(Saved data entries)
* * * * * * * * *

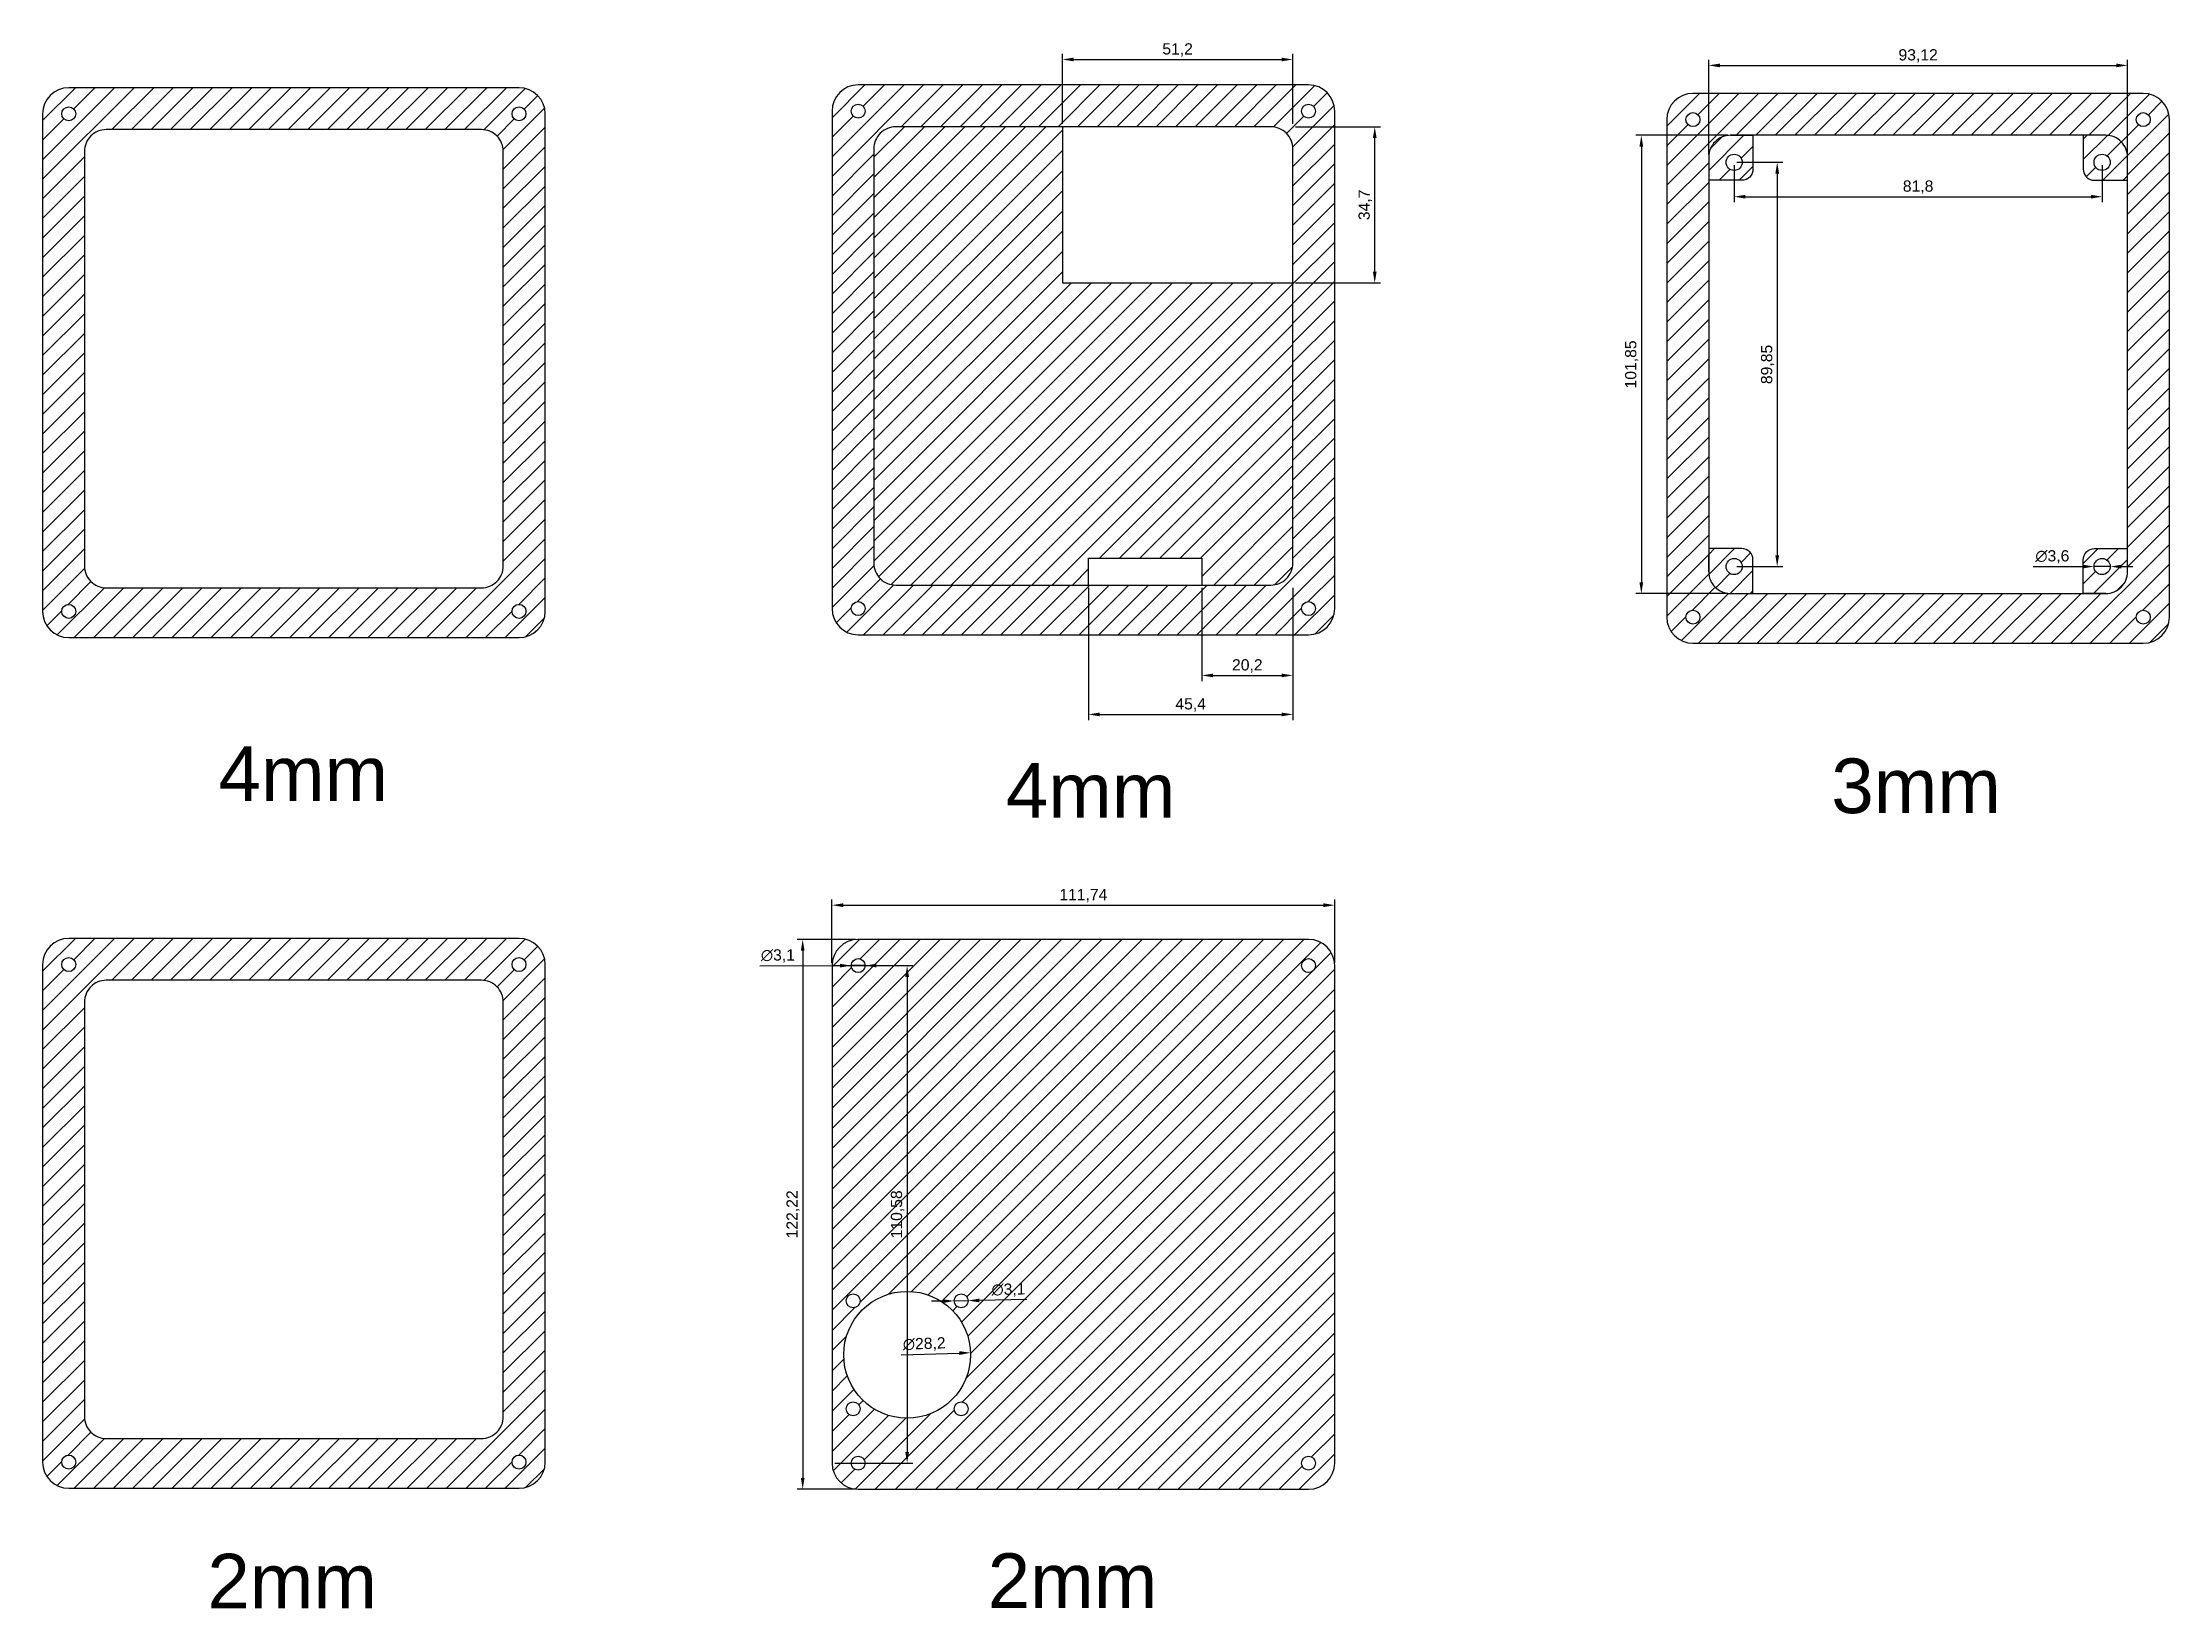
# Model space of a CAD drawing. Header units: millimetres. Extents: x 75 to 547, y 31 to 379.
import ezdxf

# ---------------------------------------------------------------- set-up
doc = ezdxf.new("R2010")
doc.units = ezdxf.units.MM
doc.styles.get("Standard").update_dxf_attribs({"font": 'arial.ttf'})
doc.dimstyles.new('ISO-25', dxfattribs={"dimtxt": 2.5, "dimasz": 2.5, "dimexe": 1.25, "dimexo": 0.625, "dimtad": 1, "dimtxsty": 'Standard', "dimcen": 2.5, "dimadec": 0, "dimazin": 0, "dimtfac": 1, "dimtmove": 0, "dimatfit": 3, "dimfxl": 1, "dimarcsym": 0})

# ---------------------------------------------------------------- blocks, each defined once
blk = doc.blocks.new('*D5')
at = {"color": 0, "lineweight": -2, "transparency": 16777216}
for p, q in [((444.91, 354.28), (444.91, 375.3)), ((447.41, 374.05), (535.53, 374.05)), ((538.03, 354.28), (538.03, 375.3))]:
    blk.add_line(p, q, dxfattribs=at)
at = {"color": 0, "transparency": 16777216}
for points in [[(447.41, 374.46), (447.41, 373.63), (444.91, 374.05)], [(535.53, 374.46), (535.53, 373.63), (538.03, 374.05)]]:
    blk.add_solid(points, dxfattribs=at)
at = {"layer": 'Defpoints', "color": 0, "transparency": 16777216}
for p in [(538.03, 374.05), (444.91, 353.66), (538.03, 353.66)]:
    blk.add_point(p, dxfattribs=at)
at = {"color": 0, "transparency": 16777216, "insert": (491.47, 376.17), "char_height": 2.5, "attachment_point": 5}
blk.add_mtext('93,12', dxfattribs=at)
blk = doc.blocks.new('*D6')
at = {"color": 0, "lineweight": -2, "transparency": 16777216}
for p, q in [((449.13, 358.51), (428.69, 358.51)), ((429.94, 356.01), (429.94, 259.16)), ((449.13, 256.66), (428.69, 256.66))]:
    blk.add_line(p, q, dxfattribs=at)
at = {"color": 0, "transparency": 16777216}
for points in [[(429.52, 356.01), (430.35, 356.01), (429.94, 358.51)], [(429.52, 259.16), (430.35, 259.16), (429.94, 256.66)]]:
    blk.add_solid(points, dxfattribs=at)
at = {"layer": 'Defpoints', "color": 0, "transparency": 16777216}
for p in [(449.76, 358.51), (429.94, 256.66), (449.76, 256.66)]:
    blk.add_point(p, dxfattribs=at)
at = {"color": 0, "transparency": 16777216, "insert": (427.81, 307.58), "char_height": 2.5, "attachment_point": 5, "rotation": 90}
blk.add_mtext('101,85', dxfattribs=at)
blk = doc.blocks.new('*D7')
at = {"color": 0, "lineweight": -2, "transparency": 16777216}
for p, q in [((250.02, 174.59), (250.02, 188.64)), ((252.52, 187.39), (359.27, 187.39)), ((361.77, 174.59), (361.77, 188.64))]:
    blk.add_line(p, q, dxfattribs=at)
at = {"color": 0, "transparency": 16777216}
for points in [[(252.52, 187.81), (252.52, 186.97), (250.02, 187.39)], [(359.27, 187.81), (359.27, 186.97), (361.77, 187.39)]]:
    blk.add_solid(points, dxfattribs=at)
at = {"layer": 'Defpoints', "color": 0, "transparency": 16777216}
for p in [(361.77, 187.39), (250.02, 173.96), (361.77, 173.96)]:
    blk.add_point(p, dxfattribs=at)
at = {"color": 0, "transparency": 16777216, "insert": (305.9, 189.52), "char_height": 2.5, "attachment_point": 5}
blk.add_mtext('111,74', dxfattribs=at)
blk = doc.blocks.new('*D8')
at = {"color": 0, "lineweight": -2, "transparency": 16777216}
for p, q in [((255.22, 179.78), (242.26, 179.78)), ((243.51, 177.28), (243.51, 60.06)), ((255.22, 57.56), (242.26, 57.56))]:
    blk.add_line(p, q, dxfattribs=at)
at = {"color": 0, "transparency": 16777216}
for points in [[(243.09, 177.28), (243.92, 177.28), (243.51, 179.78)], [(243.09, 60.06), (243.92, 60.06), (243.51, 57.56)]]:
    blk.add_solid(points, dxfattribs=at)
at = {"layer": 'Defpoints', "color": 0, "transparency": 16777216}
for p in [(255.84, 179.78), (243.51, 57.56), (255.84, 57.56)]:
    blk.add_point(p, dxfattribs=at)
at = {"color": 0, "transparency": 16777216, "insert": (241.38, 118.67), "char_height": 2.5, "attachment_point": 5, "rotation": 90}
blk.add_mtext('122,22', dxfattribs=at)
blk = doc.blocks.new('*D10')
at = {"color": 0, "lineweight": -2, "transparency": 16777216}
for p, q in [((274.67, 99.38), (272.17, 99.34)), ((277.17, 99.43), (280.27, 99.49)), ((293.31, 99.73), (282.77, 99.53))]:
    blk.add_line(p, q, dxfattribs=at)
at = {"color": 0, "transparency": 16777216}
for points in [[(274.66, 99.8), (274.68, 98.96), (277.17, 99.43)], [(282.76, 99.95), (282.78, 99.12), (280.27, 99.49)]]:
    blk.add_solid(points, dxfattribs=at)
at = {"layer": 'Defpoints', "color": 0, "transparency": 16777216}
for p in [(277.17, 99.43), (280.27, 99.49)]:
    blk.add_point(p, dxfattribs=at)
at = {"color": 0, "transparency": 16777216, "insert": (289.25, 101.82), "char_height": 2.5, "attachment_point": 5, "rotation": 1.0626}
blk.add_mtext('∅3,1', dxfattribs=at)
blk = doc.blocks.new('*D11')
at = {"color": 0, "lineweight": -2, "transparency": 16777216}
blk.add_line((265.38, 87.41), (278.31, 87.84), dxfattribs=at)
at = {"color": 0, "transparency": 16777216}
blk.add_solid([(278.3, 88.26), (278.33, 87.42), (280.81, 87.92)], dxfattribs=at)
at = {"layer": 'Defpoints', "color": 0, "transparency": 16777216}
for p in [(252.63, 86.99), (280.81, 87.92)]:
    blk.add_point(p, dxfattribs=at)
at = {"color": 0, "transparency": 16777216, "insert": (270.53, 89.75), "char_height": 2.5, "attachment_point": 5, "rotation": 1.8971}
blk.add_mtext('∅28,2', dxfattribs=at)
blk = doc.blocks.new('*D12')
at = {"color": 0, "lineweight": -2, "transparency": 16777216}
for p, q in [((450.57, 351.88), (450.57, 343.62)), ((532.37, 351.88), (532.37, 343.62)), ((453.07, 344.87), (529.87, 344.87))]:
    blk.add_line(p, q, dxfattribs=at)
at = {"color": 0, "transparency": 16777216}
for points in [[(453.07, 345.28), (453.07, 344.45), (450.57, 344.87)], [(529.87, 345.28), (529.87, 344.45), (532.37, 344.87)]]:
    blk.add_solid(points, dxfattribs=at)
at = {"layer": 'Defpoints', "color": 0, "transparency": 16777216}
for p in [(450.57, 352.51), (532.37, 352.51), (532.37, 344.87)]:
    blk.add_point(p, dxfattribs=at)
at = {"color": 0, "transparency": 16777216, "insert": (491.47, 346.99), "char_height": 2.5, "attachment_point": 5}
blk.add_mtext('81,8', dxfattribs=at)
blk = doc.blocks.new('*D13')
at = {"color": 0, "lineweight": -2, "transparency": 16777216}
for p, q in [((451.19, 352.51), (461.39, 352.51)), ((460.14, 350.01), (460.14, 265.16)), ((451.19, 262.66), (461.39, 262.66))]:
    blk.add_line(p, q, dxfattribs=at)
at = {"color": 0, "transparency": 16777216}
for points in [[(459.73, 350.01), (460.56, 350.01), (460.14, 352.51)], [(459.73, 265.16), (460.56, 265.16), (460.14, 262.66)]]:
    blk.add_solid(points, dxfattribs=at)
at = {"layer": 'Defpoints', "color": 0, "transparency": 16777216}
for p in [(450.57, 352.51), (450.57, 262.66), (460.14, 262.66)]:
    blk.add_point(p, dxfattribs=at)
at = {"color": 0, "transparency": 16777216, "insert": (458.02, 307.58), "char_height": 2.5, "attachment_point": 5, "rotation": 90}
blk.add_mtext('89,85', dxfattribs=at)
blk = doc.blocks.new('*D14')
at = {"color": 0, "lineweight": -2, "transparency": 16777216}
for p, q in [((307.05, 257.93), (307.05, 228.54)), ((352.45, 257.93), (352.45, 228.54)), ((309.55, 229.79), (349.95, 229.79))]:
    blk.add_line(p, q, dxfattribs=at)
at = {"color": 0, "transparency": 16777216}
for points in [[(309.55, 230.21), (309.55, 229.37), (307.05, 229.79)], [(349.95, 230.21), (349.95, 229.37), (352.45, 229.79)]]:
    blk.add_solid(points, dxfattribs=at)
at = {"layer": 'Defpoints', "color": 0, "transparency": 16777216}
for p in [(307.05, 258.55), (352.45, 258.55), (352.45, 229.79)]:
    blk.add_point(p, dxfattribs=at)
at = {"color": 0, "transparency": 16777216, "insert": (329.75, 231.91), "char_height": 2.5, "attachment_point": 5}
blk.add_mtext('45,4', dxfattribs=at)
blk = doc.blocks.new('*D15')
at = {"color": 0, "lineweight": -2, "transparency": 16777216}
for p, q in [((332.25, 257.93), (332.25, 237.21)), ((352.45, 257.93), (352.45, 237.21)), ((334.75, 238.46), (349.95, 238.46))]:
    blk.add_line(p, q, dxfattribs=at)
at = {"color": 0, "transparency": 16777216}
for points in [[(334.75, 238.87), (334.75, 238.04), (332.25, 238.46)], [(349.95, 238.87), (349.95, 238.04), (352.45, 238.46)]]:
    blk.add_solid(points, dxfattribs=at)
at = {"layer": 'Defpoints', "color": 0, "transparency": 16777216}
for p in [(332.25, 258.55), (352.45, 258.55), (352.45, 238.46)]:
    blk.add_point(p, dxfattribs=at)
at = {"color": 0, "transparency": 16777216, "insert": (342.35, 240.58), "char_height": 2.5, "attachment_point": 5}
blk.add_mtext('20,2', dxfattribs=at)
blk = doc.blocks.new('*D16')
at = {"color": 0, "lineweight": -2, "transparency": 16777216}
for p, q in [((301.25, 361.03), (301.25, 376.61)), ((303.75, 375.36), (349.95, 375.36)), ((352.45, 361.03), (352.45, 376.61))]:
    blk.add_line(p, q, dxfattribs=at)
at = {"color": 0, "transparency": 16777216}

* * * * * * * * *

When a line in the data contains the string "Standard", copy that line.

doc.styles.get("Standard").update_dxf_attribs({"font": 'arial.ttf'})
doc.dimstyles.new('ISO-25', dxfattribs={"dimtxt": 2.5, "dimasz": 2.5, "dimexe": 1.25, "dimexo": 0.625, "dimtad": 1, "dimtxsty": 'Standard', "dimcen": 2.5, "dimadec": 0, "dimazin": 0, "dimtfac": 1, "dimtmove": 0, "dimatfit": 3, "dimfxl": 1, "dimarcsym": 0})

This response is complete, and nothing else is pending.